Please allow me to zoom out a bit..

Much of this discussion is caused by:
a) different interpretations of a spec
b) differing views on Postel's Law and how it should (not) be applied in a security context

@a: the spec

While I write RPKI CA code, I was not intimately involved in writing validation code related to the particular issue in ARIN's manifest. The discussion however was painful. Bug reports were created. They were not blindly followed. People double checked. People argued that it should be discussed in the IETF, and not on GitHub. People had differing interpretations on what encodings are okay. Painful as it was I believe that in the end a discussion based on the content of this particular issue did take place in this group. ARIN fixed their manifest and the RP implementers planned fixes for inclusion in upcoming releases.

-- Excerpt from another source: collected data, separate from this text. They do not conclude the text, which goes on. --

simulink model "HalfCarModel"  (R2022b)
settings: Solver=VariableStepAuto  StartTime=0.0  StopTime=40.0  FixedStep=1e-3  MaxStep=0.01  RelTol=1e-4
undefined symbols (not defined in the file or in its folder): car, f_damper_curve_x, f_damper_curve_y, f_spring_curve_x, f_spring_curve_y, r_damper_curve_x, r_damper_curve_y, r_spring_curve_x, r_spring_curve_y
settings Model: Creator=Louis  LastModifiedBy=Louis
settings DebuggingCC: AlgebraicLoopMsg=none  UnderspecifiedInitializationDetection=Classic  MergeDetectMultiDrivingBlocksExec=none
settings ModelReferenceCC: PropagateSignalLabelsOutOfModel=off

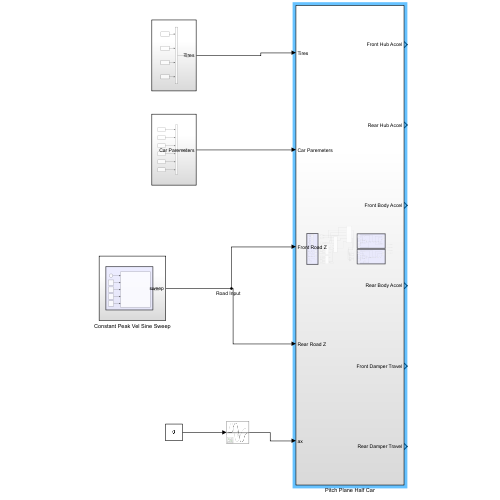
[thumbnail: Simulink's stored preview of the top-level diagram]
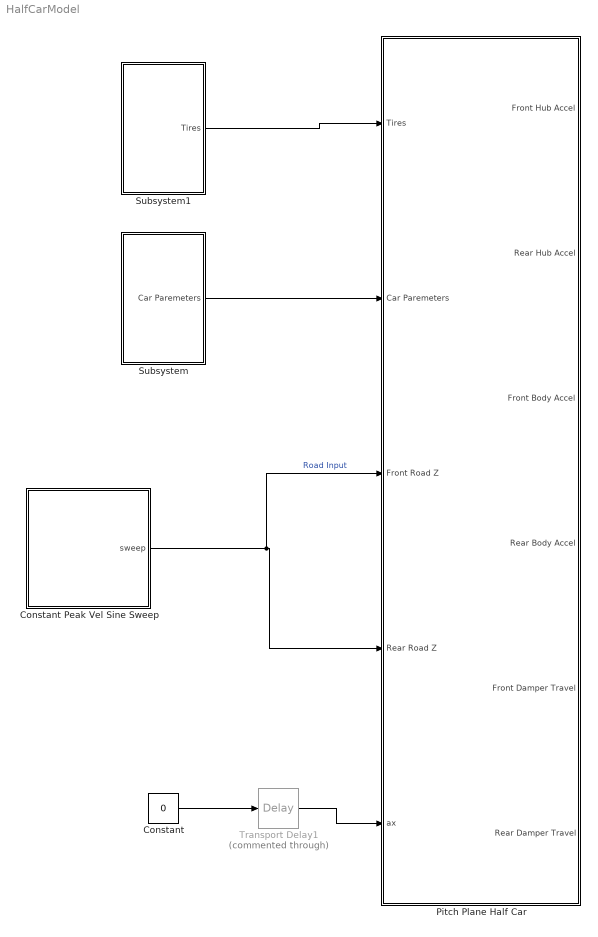
== system HalfCarModel ==
  Constant : Constant  Value=0
  Constant Peak Vel Sine Sweep : Subsystem
  Pitch Plane Half Car : Subsystem
  Subsystem : Subsystem
  Subsystem1 : Subsystem
  Transport Delay1 : TransportDelay  Commented=through  DelayTime=3
  wires:
  Constant/1 -> Transport Delay1/1
  Subsystem/1(Car Paremeters) -> Pitch Plane Half Car/2(Car Paremeters)
  Subsystem1/1(Tires) -> Pitch Plane Half Car/1(Tires)
  Constant Peak Vel Sine Sweep/1(sweep) -> Pitch Plane Half Car/4(Rear Road Z), Pitch Plane Half Car/3(Front Road Z)  "Road Input"
  Transport Delay1/1 -> Pitch Plane Half Car/5(ax)

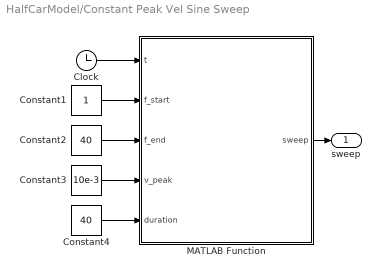
== system HalfCarModel/Constant Peak Vel Sine Sweep ==
  Clock : Clock
  Constant1 : Constant
  Constant2 : Constant  Value=40
  Constant3 : Constant  Value=10e-3
  Constant4 : Constant  Value=40
  MATLAB Function : MATLAB Function  TreatAsAtomicUnit=on
  sweep : Outport
  wires:
  Constant3/1 -> MATLAB Function/4(v_peak)
  MATLAB Function/1(sweep) -> sweep/1
  Constant4/1 -> MATLAB Function/5(duration)
  Clock/1 -> MATLAB Function/1(t)
  Constant2/1 -> MATLAB Function/3(f_end)
  Constant1/1 -> MATLAB Function/2(f_start)

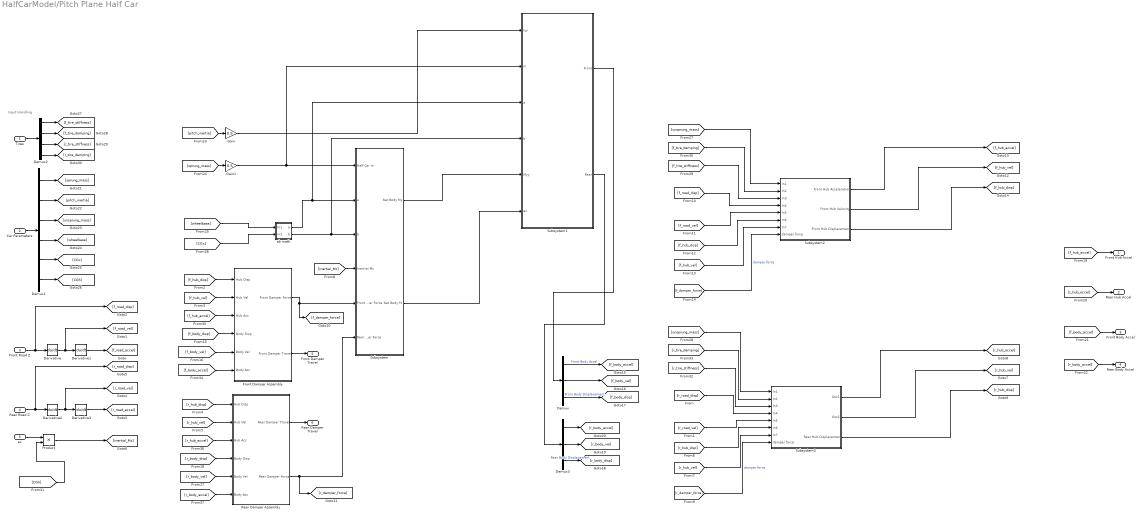
== system HalfCarModel/Pitch Plane Half Car ==
  note: Input Handling
  Tires : Inport
  Car Paremeters : Inport  Port=2
  Front Road Z : Inport  Port=3
  Rear Road Z : Inport  Port=4
  ax : Inport  Port=5
  Demux : Demux  Outputs=3
  Demux1 : Demux  Outputs=6
  Demux2 : Demux
  Demux3 : Demux  Outputs=3
  Derivative{,1..3} (4 alike) : Derivative
  Front Damper Assembly : Subsystem
  Gain : Gain  Gain=0.5
  Gain1 : Gain  Gain=0.5
  Product : Product
  Rear Damper Assembly : Subsystem
  Subsystem : Subsystem
  Subsystem1 : Subsystem
  Subsystem2 : Subsystem
  Subsystem3 : Subsystem
  ab math : Subsystem
  Front Hub Accel : Outport
  Rear Hub Accel : Outport  Port=2
  Front Body Accel : Outport  Port=3
  Rear Body Accel : Outport  Port=4
  Front Damper Travel : Outport  Port=5
  Rear Damper Travel : Outport  Port=6
  wires:
  Front Road Z/1 -> Derivative/1, [f_road_disp]
  Derivative/1 -> [f_road_vel], Derivative1/1
  Derivative1/1 -> [f_road_accel]
  Derivative2/1 -> [r_road_vel], Derivative3/1
  Rear Road Z/1 -> [r_road_disp], Derivative2/1
  Derivative3/1 -> [r_road_accel]
  ax/1 -> Product/1
  [CGh] -> Product/2
  Product/1 -> [inertial_Mz]
  [f_hub_accel] -> Front Hub Accel/1
  [r_hub_accel] -> Rear Hub Accel/1
  [f_body_accel] -> Front Body Accel/1
  [r_body_accel] -> Rear Body Accel/1
  Car Paremeters/1 -> Demux1/1
  Demux1/1 -> [sprung_mass]
  Demux1/2 -> [pitch_inertia]
  Demux1/3 -> [unsprung_mass]
  Demux1/4 -> [wheelbase]
  Demux1/5 -> [CGx]
  Demux1/6 -> [CGh]
  Tires/1 -> Demux2/1
  Demux2/1 -> [f_tire_stiffness]
  Demux2/2 -> [f_tire_damping]
  Demux2/3 -> [r_tire_stiffness]
  Demux2/4 -> [r_tire_damping]
  Front Damper Assembly/1(Front Damper Force) -> [f_damper_force], Subsystem/5(Front Damper Force)
  [f_hub_disp] -> Front Damper Assembly/1(Hub Disp)
  [f_hub_vel] -> Front Damper Assembly/2(Hub Vel)
  [f_hub_accel] -> Front Damper Assembly/3(Hub Acc)
  [f_body_disp] -> Front Damper Assembly/4(Body Disp)
  [f_body_vel] -> Front Damper Assembly/5(Body Vel)
  [f_body_accel] -> Front Damper Assembly/6(Body Acc)
  Front Damper Assembly/2(Front Damper Travel) -> Front Damper Travel/1
  Rear Damper Assembly/2(Rear Damper Force) -> [r_damper_force], Subsystem/6(Rear Damper Force)
  [r_hub_disp] -> Rear Damper Assembly/1(Hub Disp)
  [r_hub_vel] -> Rear Damper Assembly/2(Hub Vel)
  [r_hub_accel] -> Rear Damper Assembly/3(Hub Acc)
  [r_body_disp] -> Rear Damper Assembly/4(Body Disp)
  [r_body_vel] -> Rear Damper Assembly/5(Body Vel)
  [r_body_accel] -> Rear Damper Assembly/6(Body Acc)
  Rear Damper Assembly/1(Rear Damper Travel) -> Rear Damper Travel/1
  [inertial_Mz] -> Subsystem/4(Inertial Mz)
  [pitch_inertia] -> Gain/1
  [sprung_mass] -> Gain1/1
  Gain1/1 -> Subsystem/1(Half Car m), Subsystem1/2(m)
  [wheelbase] -> ab math/1(In1)
  [CGx] -> ab math/2(In2)
  ab math/1(a) -> Subsystem/2(a), Subsystem1/3(a)
  ab math/2(b) -> Subsystem/3(b), Subsystem1/4(b)
  Gain/1 -> Subsystem1/1(Iyy)
  Subsystem/1(Net Body My) -> Subsystem1/5(Myy)
  Subsystem/2(Net Body Fz) -> Subsystem1/6(az)
  Demux/1 -> [f_body_accel]  "Front Body Accel"
  Demux/2 -> [f_body_vel]
  Demux/3 -> [f_body_disp]  "Front Body Displacement"
  Demux3/2 -> [r_body_vel]
  Demux3/3 -> [r_body_disp]  "Rear Body Displacement"
  Demux3/1 -> [r_body_accel]
  Subsystem1/1(Front) -> Demux/1
  Subsystem1/2(Rear) -> Demux3/1
  [unsprung_mass] -> Subsystem2/1(In1)
  [f_tire_damping] -> Subsystem2/2(In2)
  [f_tire_stiffness] -> Subsystem2/3(In3)
  [f_road_disp] -> Subsystem2/4(In4)
  [f_road_vel] -> Subsystem2/5(In5)
  [f_hub_disp] -> Subsystem2/6(In6)
  [f_hub_vel] -> Subsystem2/7(In7)
  [f_damper_force] -> Subsystem2/8(damper force)  "damper force"
  Subsystem2/1(Front Hub Acceleration) -> [f_hub_accel]
  Subsystem2/2(Front Hub Velocity) -> [f_hub_vel]
  Subsystem2/3(Front Hub Displacement) -> [f_hub_disp]
  [unsprung_mass] -> Subsystem3/1(In1)
  [r_tire_damping] -> Subsystem3/2(In2)
  [r_tire_stiffness] -> Subsystem3/3(In3)
  [r_road_disp] -> Subsystem3/4(In4)
  [r_road_vel] -> Subsystem3/5(In5)
  [r_hub_disp] -> Subsystem3/6(In6)
  [r_hub_vel] -> Subsystem3/7(In7)
  [r_damper_force] -> Subsystem3/8(damper force)  "damper force"
  Subsystem3/1(Out1) -> [r_hub_accel]
  Subsystem3/2(Out2) -> [r_hub_vel]
  Subsystem3/3(Rear Hub Displacement) -> [r_hub_disp]

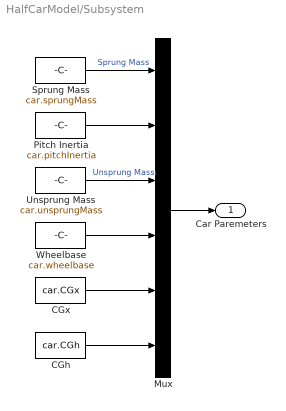
== system HalfCarModel/Subsystem ==
  CGh : Constant  Value=car.CGh
  CGx : Constant  Value=car.CGx
  Mux : Mux  Inputs=6
  Pitch Inertia : Constant  Value=car.pitchInertia
  Sprung Mass : Constant  Value=car.sprungMass
  Unsprung Mass : Constant  Value=car.unsprungMass
  Wheelbase : Constant  Value=car.wheelbase
  Car Paremeters : Outport
  wires:
  Sprung Mass/1 -> Mux/1  "Sprung Mass"
  Wheelbase/1 -> Mux/4
  Pitch Inertia/1 -> Mux/2
  Unsprung Mass/1 -> Mux/3  "Unsprung Mass"
  CGh/1 -> Mux/6
  CGx/1 -> Mux/5
  Mux/1 -> Car Paremeters/1

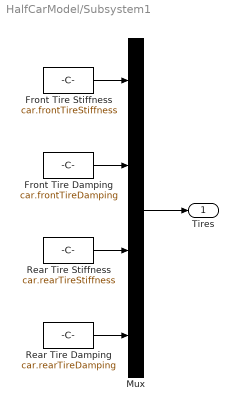
== system HalfCarModel/Subsystem1 ==
  Front Tire Damping : Constant  Value=car.frontTireDamping
  Front Tire Stiffness : Constant  Value=car.frontTireStiffness
  Mux : Mux
  Rear Tire Damping : Constant  Value=car.rearTireDamping
  Rear Tire Stiffness : Constant  Value=car.rearTireStiffness
  Tires : Outport
  wires:
  Mux/1 -> Tires/1
  Rear Tire Stiffness/1 -> Mux/3
  Front Tire Damping/1 -> Mux/2
  Rear Tire Damping/1 -> Mux/4
  Front Tire Stiffness/1 -> Mux/1

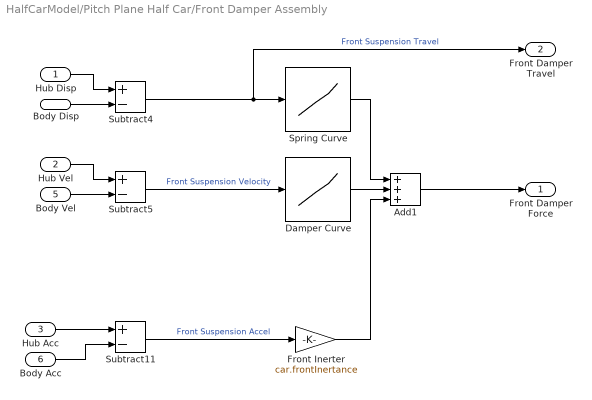
== system HalfCarModel/Pitch Plane Half Car/Front Damper Assembly ==
  Hub Disp : Inport
  Hub Vel : Inport  Port=2
  Hub Acc : Inport  Port=3
  Body Disp : Inport  Port=4
  Body Vel : Inport  Port=5
  Body Acc : Inport  Port=6
  Add1 : Sum  Inputs=+++
  Damper Curve : Lookup_n-D  NumberOfTableDimensions=1  BreakpointsForDimension1=f_damper_curve_x  Table=f_damper_curve_y  InterpMethod=Linear Lagrange  InternalRulePriority=Speed  RndMeth=Simplest
  Front Inerter : Gain  Gain=car.frontInertance
  Spring Curve : Lookup_n-D  NumberOfTableDimensions=1  BreakpointsForDimension1=f_spring_curve_x  Table=f_spring_curve_y  InterpMethod=Linear Lagrange  InternalRulePriority=Speed  RndMeth=Simplest
  Subtract11 : Sum  Inputs=+-
  Subtract4 : Sum  Inputs=+-
  Subtract5 : Sum  Inputs=+-
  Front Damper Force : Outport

@b: the robustness principle and security

Should any and all violations of spec lead to the rejection of objects?

Arguments can be made, are being made, that in the context of security the answer this question is 'yes'. It makes for a simpler world, and simple is good when it comes to security. There is no slippery slope anymore. Taking this even further one can argue (in the context of manifests) that if an RP knows that it has *all current products* of a CA, and the CA clearly messed up even one object - they should no longer be trusted to know what they are doing.

The counterarguments are that we have existing deployments, and that there are shades of gray in this world.

The bug in ARIN's manifest seemed to me to be a violation of spec, but not necessarily a critical security issue. The algorithms are all specified in the relevant RPKI RFCs - hashes and signatures providing proof of possession worked out. The dialect may have been funny, but the intent was clear.

This is not the only existing encoding issue. The bouncy castle library used by both the RIPE NCC and Lacnic code bases produces CMS that is BER, not DER, encoded. The specs say that DER MUST be used. While this is is the case OpenSSL and other implementations will happily decode BER encoded CMS objects - most other CMS implementations use BER after all. This is a violation of spec, but is this a critical security issue?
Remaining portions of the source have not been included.